In my last poll on morality, there was a question trying to gauge the acceptability of married people having affairs. There seemed to be some disagreement among respondents as to the particulars of what this meant. Is it any form of cheating? Is it an ongoing extramarital relationship? Is it merely an open relationship? Is it anything non-monogamous whatsoever?

 

I interpreted it to mean the first of these, but I can see how confusion may have arisen. I also didn't want to clarify, because I used the wording that existed in the original Gallup and Abacus polls, and figured that if people here were confused, people in the general population would be as well, so the results should mimic each other in terms of the results obtained.

 

However, it left me wondering about the specifics of what people found appropriate or inappropriate that led them to vote the way they did, so I decided to make another poll with more specific questions and more granular answers. Votes are still anonymous, lest anyone feel their opinion would reflect poorly on them, but I do encourage those who are open to it to discuss their votes and why they voted the way they did in the comments.

 

For my part, consent remains the key for me. What goes on in people's bedrooms is their own concern, as long as everyone involved—both directly and indirectly—agrees to the rules of play. If you're cheating on your spouse, whether it's a one-off incident or an ongoing relationship, that's a problem in my eyes. On the other hand, if your spouse agrees you can see other people, then that's your own damned business. The same goes for polygamy.
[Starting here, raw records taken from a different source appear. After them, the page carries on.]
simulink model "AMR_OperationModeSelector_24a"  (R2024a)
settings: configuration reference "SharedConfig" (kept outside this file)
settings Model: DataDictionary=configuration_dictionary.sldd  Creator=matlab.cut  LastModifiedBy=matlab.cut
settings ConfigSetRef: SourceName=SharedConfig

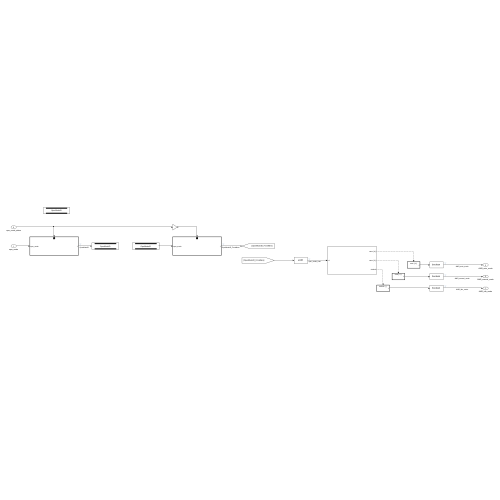
[thumbnail: Simulink's stored preview of the top-level diagram]
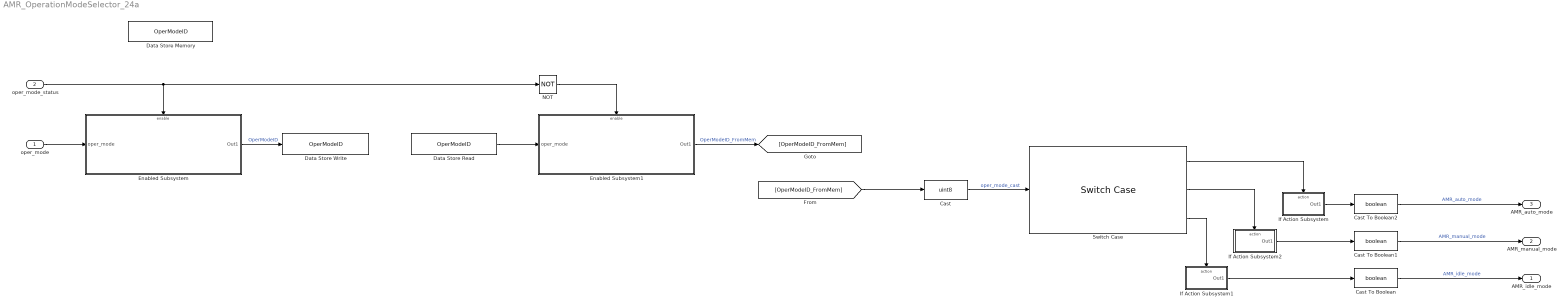
== system AMR_OperationModeSelector_24a ==
  oper_mode : Inport
  oper_mode_status : Inport  Port=2  OutDataTypeStr=boolean
  Cast : DataTypeConversion  OutDataTypeStr=uint8  SaturateOnIntegerOverflow=off  RndMeth=Floor
  Cast To Boolean : DataTypeConversion  OutDataTypeStr=boolean  SaturateOnIntegerOverflow=off  RndMeth=Floor
  Cast To Boolean1 : DataTypeConversion  OutDataTypeStr=boolean  SaturateOnIntegerOverflow=off  RndMeth=Floor
  Cast To Boolean2 : DataTypeConversion  OutDataTypeStr=boolean  SaturateOnIntegerOverflow=off  RndMeth=Floor
  Data Store Memory : DataStoreMemory  DataStoreName=OperModeID  WriteAfterWriteMsg=warning  ShowAdditionalParam=off
  Data Store Read : DataStoreRead  DataStoreName=OperModeID  DataStoreElements=OperModeID  IndexOptions=Index vector (dialog)  Indices=1  OutputSizes=1
  Data Store Write : DataStoreWrite  DataStoreName=OperModeID  DataStoreElements=OperModeID  IndexOptions=Index vector (dialog)  Indices=1  OutputSizes=1
  Enabled Subsystem : Subsystem  TreatAsAtomicUnit=on
  Enabled Subsystem1 : Subsystem  TreatAsAtomicUnit=on
  If Action Subsystem : Subsystem  TreatAsAtomicUnit=on
  If Action Subsystem1 : Subsystem  TreatAsAtomicUnit=on
  If Action Subsystem2 : Subsystem  TreatAsAtomicUnit=on
  NOT : Logic  Operator=NOT  IconShape=distinctive  AllPortsSameDT=off  OutDataTypeStr=boolean
  Switch Case : SwitchCase  CaseConditions={4,2}
  AMR_idle_mode : Outport  OutDataTypeStr=boolean
  AMR_manual_mode : Outport  Port=2  OutDataTypeStr=boolean
  AMR_auto_mode : Outport  Port=3  OutDataTypeStr=boolean
  wires:
  oper_mode/1 -> Enabled Subsystem/1(oper_mode)
  Cast/1 -> Switch Case/1  "oper_mode_cast"
  [OperModeID_FromMem] -> Cast/1
  Data Store Read/1 -> Enabled Subsystem1/1(oper_mode)
  oper_mode_status/1 -> Enabled Subsystem/Enable, NOT/1
  Enabled Subsystem1/1(Out1) -> [OperModeID_FromMem]  "OperModeID_FromMem"
  Enabled Subsystem/1(Out1) -> Data Store Write/1  "OperModeID"
  If Action Subsystem1/1(Out1) -> Cast To Boolean/1
  If Action Subsystem/1(Out1) -> Cast To Boolean2/1
  Cast To Boolean/1 -> AMR_idle_mode/1  "AMR_idle_mode"
  Cast To Boolean2/1 -> AMR_auto_mode/1  "AMR_auto_mode"
  Cast To Boolean1/1 -> AMR_manual_mode/1  "AMR_manual_mode"
  If Action Subsystem2/1(Out1) -> Cast To Boolean1/1
  Switch Case/1 -> If Action Subsystem/Action
  Switch Case/3 -> If Action Subsystem1/Action
  Switch Case/2 -> If Action Subsystem2/Action
  NOT/1 -> Enabled Subsystem1/Enable

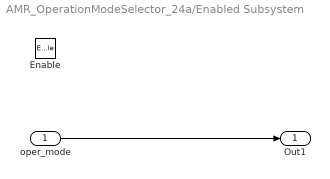
== system AMR_OperationModeSelector_24a/Enabled Subsystem ==
  oper_mode : Inport
  Enable : EnablePort
  Out1 : Outport
  wires:
  oper_mode/1 -> Out1/1

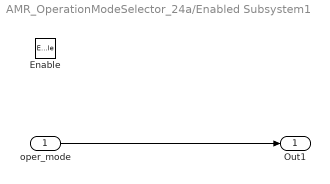
== system AMR_OperationModeSelector_24a/Enabled Subsystem1 ==
  oper_mode : Inport
  Enable : EnablePort
  Out1 : Outport  InitialOutput=0
  wires:
  oper_mode/1 -> Out1/1

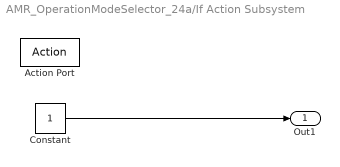
== system AMR_OperationModeSelector_24a/If Action Subsystem ==
  Action Port : ActionPort  ActionPortLabel=case [ 4 ]:
  Constant : Constant
  Out1 : Outport  OutputWhenDisabled=reset  InitialOutput=0
  wires:
  Constant/1 -> Out1/1

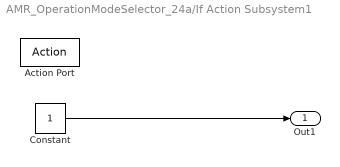
== system AMR_OperationModeSelector_24a/If Action Subsystem1 ==
  Action Port : ActionPort  ActionPortLabel=default:
  Constant : Constant
  Out1 : Outport  OutputWhenDisabled=reset  InitialOutput=0
  wires:
  Constant/1 -> Out1/1

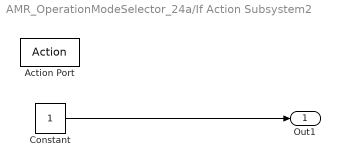
== system AMR_OperationModeSelector_24a/If Action Subsystem2 ==
  Action Port : ActionPort  ActionPortLabel=case [ 2 ]:
  Constant : Constant
  Out1 : Outport  OutputWhenDisabled=reset  InitialOutput=0
  wires:
  Constant/1 -> Out1/1

I've been in polyamorous relationships before, and certainly never considered it immoral, nor do I consider that it's the job of the Crown or the State to view it as immoral, either: which is why government regulation of marriage, and defining it strictly in a monogamist mindset, upsets me greatly.

 

When he reformed the Criminal Code of Canada to loosen restrictions on homosexuality in 1967, then-Justice Minister Pierre Elliott Trudeau famously said, 'There's no place for the state in the bedrooms of the nation.' It perhaps wasn't feasible at the time to completely adhere to that principle, but in my view, it's about time for it to be invoked again, and properly.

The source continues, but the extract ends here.